# Wilwood pedal assembly and 3/4" master cylinders for brakes/clutch?



## G60Driver (Mar 6, 2002)

I've been thinking about putting a Wilwood pedal assembly in my rabbit project and was wondering what the brake gurus thought about it. I'd like to use the small, 3/4" master cylinders for front/rear brakes and clutch slave cyl. My rabbit has manual steering and I'll probably be keeping the small brakes 9.4" but at the most upgrading to 10.1" brakes. Can I get away with running these small, totally manual brake master cylinders reliably and without killing myself? What would the pros/cons be of this setup? The main reason I want to run it is to get rid of the huge brake booster and clean up the engine bay, but I want decent brakes too. I don't mind spending the time to get them adjusted correctly (front to rear bias) but I want them to be safe.
Opinions?
These are master cylinders I'm talking about:








This is the pedal assembly:


----------



## G60Driver (Mar 6, 2002)

*Re: Wilwood pedal assembly and 3/4" master cylinders for brakes/clutch? (G60Driver)*

One more question, how would I rig up brake lights to this setup? Just fabricate a bracket to hold a brake light switch in front of the pedal?


----------



## Mortal_Wombat (Jan 29, 2004)

*FV-QR*

you could do what the older american cars did and run a brake pressure switch for the brake lights


----------



## GTijoejoe (Oct 6, 2001)

*Re: Wilwood pedal assembly and 3/4" master cylinders for brakes/clutch? (G60Driver)*

Of course with no booster, there is no boost asisst, so the only way to countermeasure pedal effort is pedal ratio and balancing MC size with stroke. 
The larger the pedal ratio the larger the stroke
The smaller the MC the more brake pressure with same or less effort.
The smaller the MC, the smaller the fluid displacement, the longer the stroke.
The larger the MC, less brake pressure with same effort, the shorter the stroke.
This is what you will generally balance with sizing a brake system pedal/MC combo. 
0.75" = 19mm
10.1" brake spec uses 22mm MC (i think)
My point: You need to also compare the piston sizes vs the two brake specs to understand MC size and fluid displacement.
Worst case, you undersize your MC and have large pedal ratio and you do not have enough stroke before you reach the floor/firewall before full brake apply.
In this case it maybe best to use a larger MC, but it all depends on all the specs of all the components.
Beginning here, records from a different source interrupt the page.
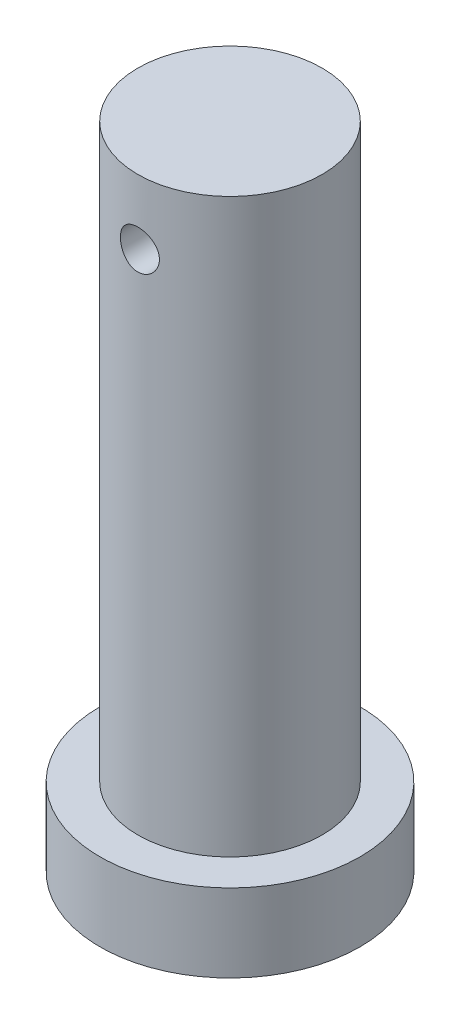
SolidWorks part; units mm, degrees
material "Galvanized Steel"
ref_plane "Front Plane" through (0, 0, 0) normal (0, 0, 1) x (1, 0, 0)
ref_plane "Top Plane" through (0, 0, 0) normal (0, 1, 0) x (1, 0, 0)
ref_plane "Right Plane" through (0, 0, 0) normal (1, 0, 0) x (0, 0, -1)
sketch "Sketch2" plane through (0, 0, 0) normal (0, 0, 1) x (1, 0, 0)
  line L0 (0, 0) -> (25, 0)
  line L1 (25, 0) -> (25, 15)
  line L2 (25, 15) -> (17.7222, 15)
  line L3 (17.7222, 15) -> (17.7222, 125)
  line L4 (17.7222, 125) -> (0, 125)
  line L5 (0, 125) -> (0, 0)
  dimension "D1" = 25
  dimension "D2" = 15
  dimension "D3" = 110
  dimension "D4" = 17.7222
revolve "Revolve1" add sketch "Sketch2" angle 360 about L5
sketch "Sketch3" plane through (0, 0, 0) normal (0, 0, 1) x (1, 0, 0)
  line L0 (17.7222, 125) -> (-17.7222, 125) construction
  line L1 (17.7222, 125) -> (-17.7222, 125) construction
  line L2 (0, 125) -> (0, 112.5) construction
  circle A0 centre (0, 112.5) radius 3.75
  dimension "D2" = 7.5
  dimension "D1" = 12.5
extrude "Cut-Extrude1" cut sketch "Sketch3" against normal through all both and the other way through all
equation "\"D3@Sketch2\"=90+\"D2@Sketch2\"+5"
equation "\"D4@Sketch2\"=35.4444/2"
equation "\"D1@Sketch3\"=5+(15/2)"
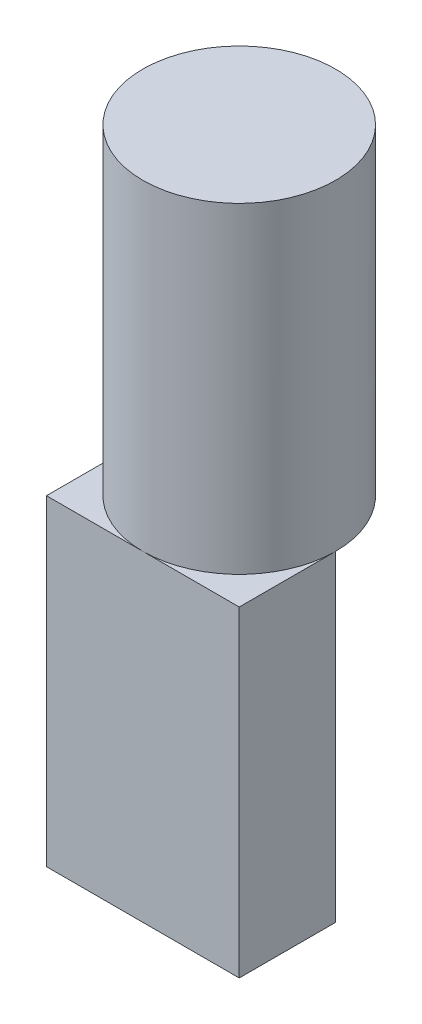
SolidWorks part; units mm, degrees
ref_plane "Plano frontal" through (0, 0, 0) normal (0, 0, 1) x (1, 0, 0)
ref_plane "Plano superior" through (0, 0, 0) normal (0, 1, 0) x (1, 0, 0)
ref_plane "Plano direito" through (0, 0, 0) normal (1, 0, 0) x (0, 0, -1)
sketch "Esboço1" plane through (0, 0, 0) normal (0, 1, 0) x (1, 0, 0)
  circle A0 centre (0, 0) radius 3
extrude "Ressalto-extrusão1" add sketch "Esboço1" along normal blind 10
sketch "Esboço2" plane through (0, 0, 0) normal (0, -1, 0) x (1, 0, 0)
  line L0 (-3, 0) -> (3, 0)
  line L1 (3, 0) -> (3, 3)
  line L2 (3, 3) -> (-3, 3)
  line L3 (-3, 3) -> (-3, 0)
  circle A0 centre (0, 0) radius 3 construction
  circle A1 centre (0, 0) radius 3 construction
extrude "Ressalto-extrusão2" add sketch "Esboço2" along normal blind 10
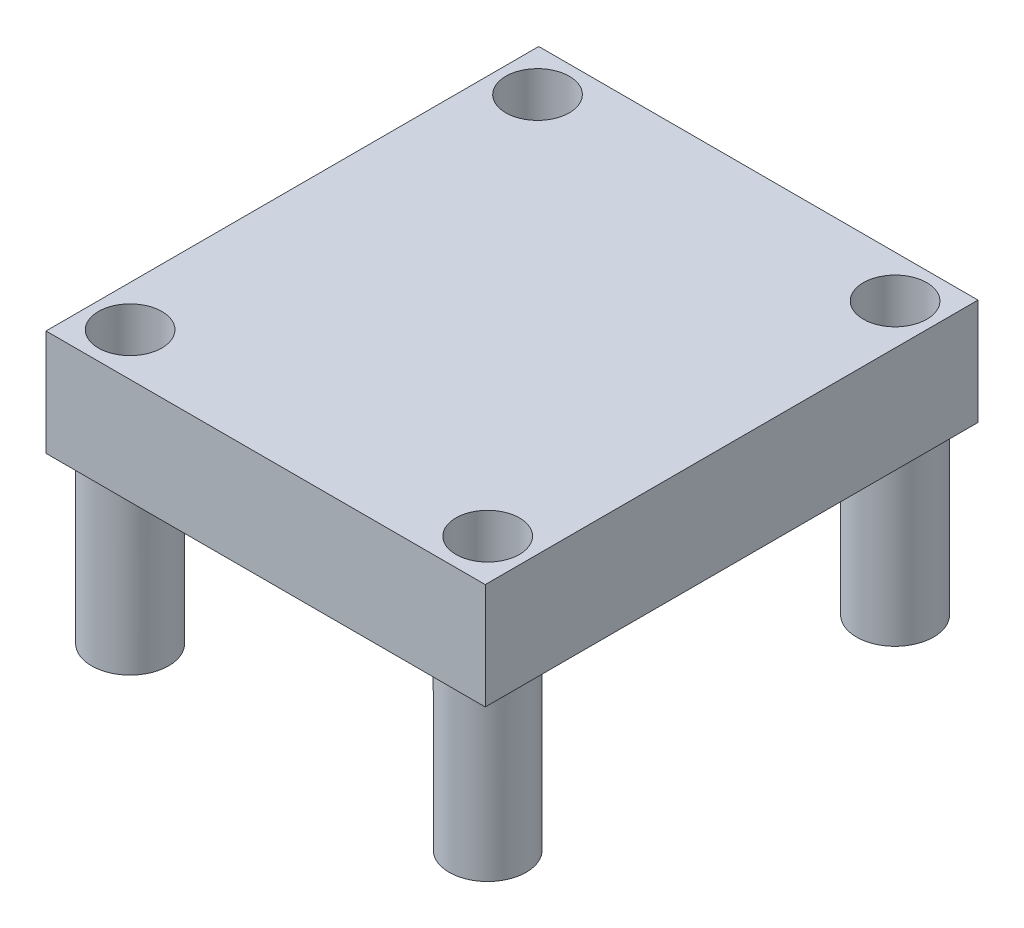
SolidWorks part; units mm, degrees
ref_plane "Front Plane" through (0, 0, 0) normal (0, 0, 1) x (1, 0, 0)
ref_plane "Top Plane" through (0, 0, 0) normal (0, 1, 0) x (1, 0, 0)
ref_plane "Right Plane" through (0, 0, 0) normal (1, 0, 0) x (0, 0, -1)
sketch "Sketch1" plane through (0, 0, 0) normal (0, 1, 0) x (1, 0, 0)
  line L0 (-34.0407, 1.6731) -> (-34.0407, -23.8285)
  line L1 (-34.0407, -23.8285) -> (-11.3077, -23.8285)
  line L2 (-11.3077, -23.8285) -> (-11.3077, 1.6731)
  line L3 (-11.3077, 1.6731) -> (-34.0407, 1.6731)
  dimension "D1" = 25.5016
  dimension "D2" = 22.733
extrude "Boss-Extrude1" add sketch "Sketch1" along normal blind 5.4864
sketch "Sketch2" plane through (0, 0, 0) normal (0, -1, 0) x (1, 0, 0)
  circle A0 centre (-31.9185, 21.5968) radius 1.9939
  circle A1 centre (-13.4143, 21.5968) radius 1.9939
  circle A2 centre (-31.9185, 0.5117) radius 1.9939
  circle A3 centre (-13.4143, 0.5117) radius 1.9939
  circle A4 centre (-31.9185, 21.5968) radius 1.6424
  circle A5 centre (-31.9185, 0.5117) radius 1.6424
  circle A6 centre (-13.4143, 0.5117) radius 1.6424
  circle A7 centre (-13.4143, 21.5968) radius 1.6424
  point P4 (-31.9185, 0.4178)
  point P8 (-13.5081, 0.5117)
  point P12 (-13.5081, 21.5968)
  dimension "D1" = 3.9878
  dimension "D2" = 3.2848
extrude "Boss-Extrude2" add sketch "Sketch2" along normal blind 8.5852
sketch "Sketch5" plane through (0, 5.4864, 0) normal (0, 1, 0) x (1, 0, 0)
  circle A0 centre (-31.9185, -0.5117) radius 1.6424
  circle A1 centre (-13.4143, -0.5117) radius 1.6424
  circle A2 centre (-13.4143, -21.5968) radius 1.6424
  circle A3 centre (-31.9185, -21.5968) radius 1.6424
extrude "Cut-Extrude1" cut sketch "Sketch5" against normal through all both and the other way through all
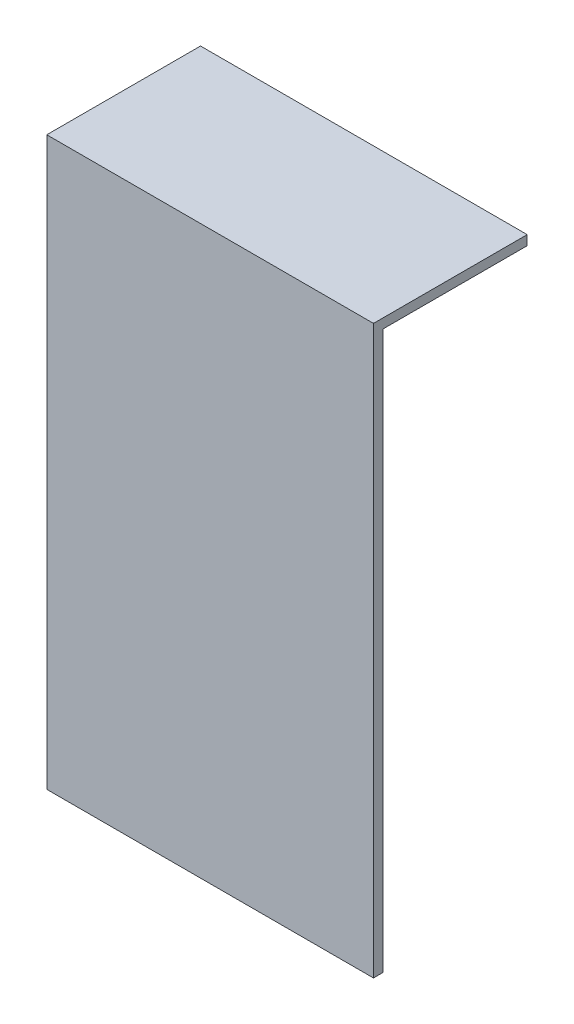
SolidWorks part; units mm, degrees
other "Markup1"
sketch "Sketch3" plane through (-43.18, 149.86, 1.27) normal (-0.8564, 0.3869, 0.342) x (0.4812, 0.3579, 0.8002)
material "PPE"
ref_plane "Front Plane" through (0, 0, 0) normal (0, 0, 1) x (1, 0, 0)
ref_plane "Top Plane" through (0, 0, 0) normal (0, 1, 0) x (1, 0, 0)
ref_plane "Right Plane" through (0, 0, 0) normal (1, 0, 0) x (0, 0, -1)
sketch "Sketch1" plane through (0, 0, 0) normal (0, 1, 0) x (1, 0, 0)
  line L1 (-43.18, -1.27) -> (43.18, -1.27)
  line L2 (-43.18, -1.27) -> (-43.18, 1.27)
  line L3 (-43.18, 1.27) -> (43.18, 1.27)
  line L4 (43.18, -1.27) -> (43.18, 1.27)
  line L5 (-43.18, -1.27) -> (43.18, 1.27) construction
  line L6 (-43.18, 1.27) -> (43.18, -1.27) construction
  point P0 (0, 0)
  dimension "D1" = 86.36
  dimension "D2" = 2.54
extrude "Boss-Extrude1" add sketch "Sketch1" along normal blind 149.86
sketch "Sketch2" plane through (0, 0, -1.27) normal (0, 0, -1) x (-1, 0, 0)
  line L0 (43.18, 149.86) -> (43.18, 0) construction
  line L1 (-43.18, 149.86) -> (43.18, 149.86)
  line L2 (-43.18, 149.86) -> (-43.18, 147.32)
  line L3 (-43.18, 147.32) -> (43.18, 147.32)
  line L4 (43.18, 149.86) -> (43.18, 147.32)
  dimension "D1" = 2.54
extrude "Boss-Extrude2" add sketch "Sketch2" along normal blind 38.1
scale "Scale1" [suppressed]
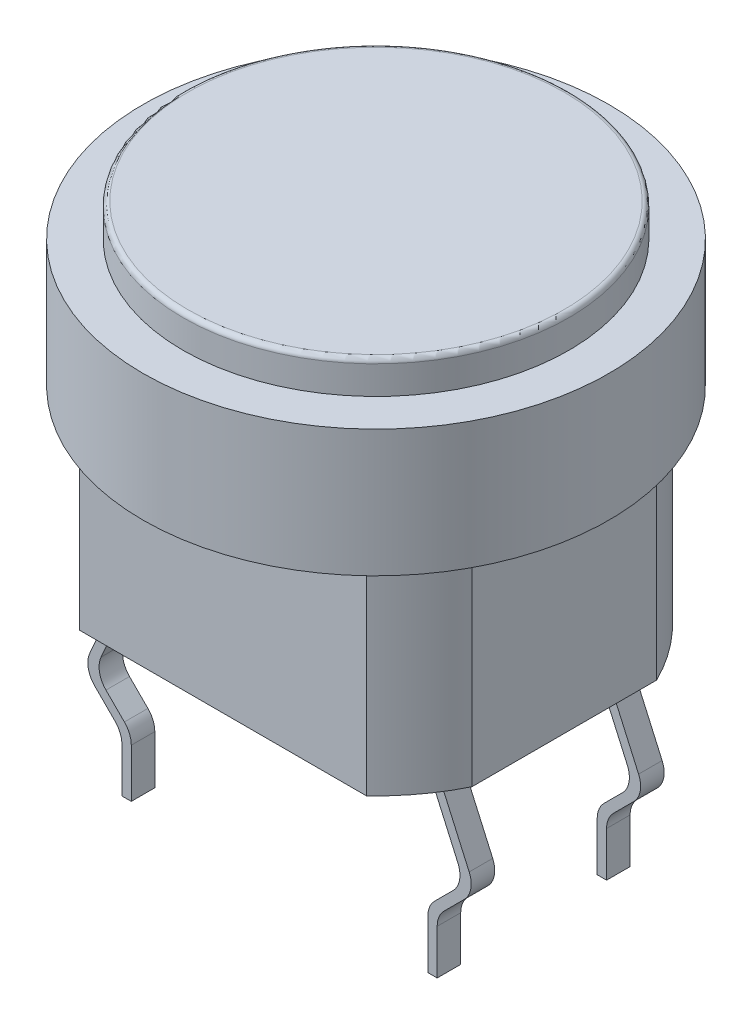
SolidWorks part; units mm, degrees
ref_plane "Front Plane" through (0, 0, 0) normal (0, 0, 1) x (1, 0, 0)
ref_plane "Top Plane" through (0, 0, 0) normal (0, 1, 0) x (1, 0, 0)
ref_plane "Right Plane" through (0, 0, 0) normal (1, 0, 0) x (0, 0, -1)
sketch "Sketch1" plane through (0, 0, 0) normal (0, 1, 0) x (1, 0, 0)
  circle A0 centre (0, 0) radius 4.95
  dimension "D1" = 9.9
extrude "Boss-Extrude1" add sketch "Sketch1" along normal blind 2.7
sketch "Sketch2" plane through (0, 2.7, 0) normal (0, 1, 0) x (1, 0, 0)
  circle A0 centre (0, 0) radius 4.1
  dimension "D1" = 8.2
extrude "Boss-Extrude2" add sketch "Sketch2" along normal blind 0.7
sketch "Sketch3" plane through (0, 0, 0) normal (0, -1, 0) x (1, 0, 0)
  line L1 (-4, 3.25) -> (4, 3.25)
  line L2 (-4, 3.25) -> (-4, -3.25)
  line L3 (-4, -3.25) -> (4, -3.25)
  line L4 (4, 3.25) -> (4, -3.25)
  line L5 (-4, 3.25) -> (4, -3.25) construction
  line L6 (-4, -3.25) -> (4, 3.25) construction
  circle A0 centre (0, 0) radius 4.455
  dimension "D3" = 8.91
  dimension "D1" = 6.5
  dimension "D2" = 8
extrude "Boss-Extrude3" add sketch "Sketch3" along normal blind 4.4 contours L3 A0 L4 L1 L2
sketch "Sketch4" plane through (0, 0, 3.25) normal (0, 0, 1) x (1, 0, 0)
  line L0 (-3.25, -4.4) -> (-4.05, -6.2)
  line L1 (-3.0471, -4.4) -> (3.0471, -4.4) construction
  line L2 (-4.05, -6.2) -> (-3.25, -7)
  line L3 (-3.25, -7) -> (-3.25, -8.2)
  line L4 (0, 0) -> (0, -8.2) construction
  line L5 (0, -8.2) -> (-3.25, -8.2) construction
  line L7 (3.25, -7) -> (3.25, -8.2)
  line L8 (4.05, -6.2) -> (3.25, -7)
  line L9 (3.25, -4.4) -> (4.05, -6.2)
  dimension "D1" = 3.25
  dimension "D2" = 3.8
  dimension "D3" = 0.8
  dimension "D4" = 1.8
  dimension "D5" = 0.8
  dimension "D6" = 0.8
extrude "Extrude-Thin1" add sketch "Sketch4" against normal blind 0.5 from offset 1.2 separate body thin thin type mid plane wall 0.2 offset against normal yes
fillet "Fillet1" radius 0.5 4 edges at (-3.15, -6.9586, 1.8) (-3.35, -7.0414, 1.8) (-4.1693, -6.2221, 1.8) (-3.9307, -6.1779, 1.8)
fillet "Fillet2" radius 0.5 4 edges at (3.15, -6.9586, 1.8) (3.35, -7.0414, 1.8) (4.1693, -6.2221, 1.8) (3.9307, -6.1779, 1.8)
sketch "Sketch5" plane through (2.1691, -4.8804, 0) normal (-0.4061, 0.9138, 0) x (0.9138, 0.4061, 0)
  line L4 (1.2829, -2.05) -> (1.2829, -1.55)
  line L5 (1.2829, -1.55) -> (1.0829, -1.55)
  line L6 (1.0829, -1.55) -> (1.0829, -2.05)
  line L7 (1.0829, -2.05) -> (1.2829, -2.05)
  line L8 (1.2829, -2.05) -> (1.2829, -1.55)
  line L9 (1.2829, -1.55) -> (1.0829, -1.55)
  line L10 (1.0829, -1.55) -> (1.0829, -2.05)
  line L11 (1.0829, -2.05) -> (1.2829, -2.05)
  dimension "D1" = 0
extrude "Boss-Extrude4" add sketch "Sketch5" along normal up to surface (0.0444 mm away)
sketch "Sketch6" plane through (-2.1691, -4.8804, 0) normal (0.4061, 0.9138, 0) x (0.9138, -0.4061, 0)
  line L4 (-1.2829, -1.55) -> (-1.2829, -2.05)
  line L5 (-1.2829, -2.05) -> (-1.0829, -2.05)
  line L6 (-1.0829, -2.05) -> (-1.0829, -1.55)
  line L7 (-1.0829, -1.55) -> (-1.2829, -1.55)
  line L8 (-1.2829, -1.55) -> (-1.2829, -2.05)
  line L9 (-1.2829, -2.05) -> (-1.0829, -2.05)
  line L10 (-1.0829, -2.05) -> (-1.0829, -1.55)
  line L11 (-1.0829, -1.55) -> (-1.2829, -1.55)
  dimension "D1" = 0
extrude "Boss-Extrude5" add sketch "Sketch6" along normal up to surface (0.0444 mm away)
mirror "Mirror2" about plane through (0, 0, 0) normal (0, 0, 1) of bodies 108 104
fillet "Fillet3" radius 0.1 1 edges at (0, 3.4, 4.1)

Perhaps you can consult with Willwood directly to help you sort your setup.
It sounds like a good idea to me, in addition to ^^^ you can use a inline pressure sender for brake lights, no need for a stroke switch. http://****************.com/smile/emthup.gif 
Hope that helps


----------



## G60Driver (Mar 6, 2002)

*Re: Wilwood pedal assembly and 3/4" master cylinders for brakes/clutch? (GTijoejoe)*

Now THIS is the kind of info I was hoping to get! Thanks GTijoejoe! http://****************.com/smile/emthup.gif
I can also buy Wilwood 1" master cylinders which equate to approx. 25mm. BUT, since the stock 10.1 brakes use a single master cyl (22mm) for all four brakes would I need to divide that by two to keep stock proportion? Also, how much extra help is the brake booster adding? I'll be using two separate masters (one front and one rear) and that's why I figured the 3/4" would be fine, or even overkill. In my calculation that would equal 19mm x2 (or equal to 38mm divided between all four brakes.) The math may not work that way when it comes to braking. I have no idea. That's why I'm asking here!


----------



## G60Driver (Mar 6, 2002)

*Re: Wilwood pedal assembly and 3/4" master cylinders for brakes/clutch? (G60Driver)*

Just got this response to an IM from Wackywabbitracer. I'm including it here so I don't loose the info:
"I ran dual Tilton master cylinders, 5/8 inch diameter, in the old WackyWabbit SCCA racer. I spent about two weeks engineering a "single Wilwood brake pedal" assembly into the car due to the conflicts under the dash area. I kept the clutch cable but had to use the original factory brake pedal for a clutch pedal with a lot of fabrication. The firewall area had to be reinforced due to the stress of manual brakes. I also used a Wilwood rear brake proportional valve to set the rear brake bias to keep the rear wheels from locking under braking. Cheers, Ryan."


----------



## GTijoejoe (Oct 6, 2001)

*Re: Wilwood pedal assembly and 3/4" master cylinders for brakes/clutch? (G60Driver)*

With respect to Wacky... you should understand the size of the brakes he was using, (piston diameters FR and RR), 5/8" sounds like good experience. Of course he's right about the firewall stiffness. Because of different pedals and placement there is different loading, over the structure. The shape of the firewall adds stiffness and support as needed for the original layout and input levels.
A booster's affect can be of ratios 2-4ish:1 (i think, there could be higher), normal is around 3ish, but either way you see my point, the can basically serverly decrease your pedal effort, along with a pedal ratio. 
I don't totally understand your mathematical logic...but....
Normaly now a days for OEM applications MC's have 2 bores in one unit (Tandem)) so if it is 19mm for both bores (they can be different sizes), you'll match 2 seperate 19mm MC's for the new pedal assy', or what ever the difference.



_Modified by GTijoejoe at 12:22 AM 5-23-2009_


----------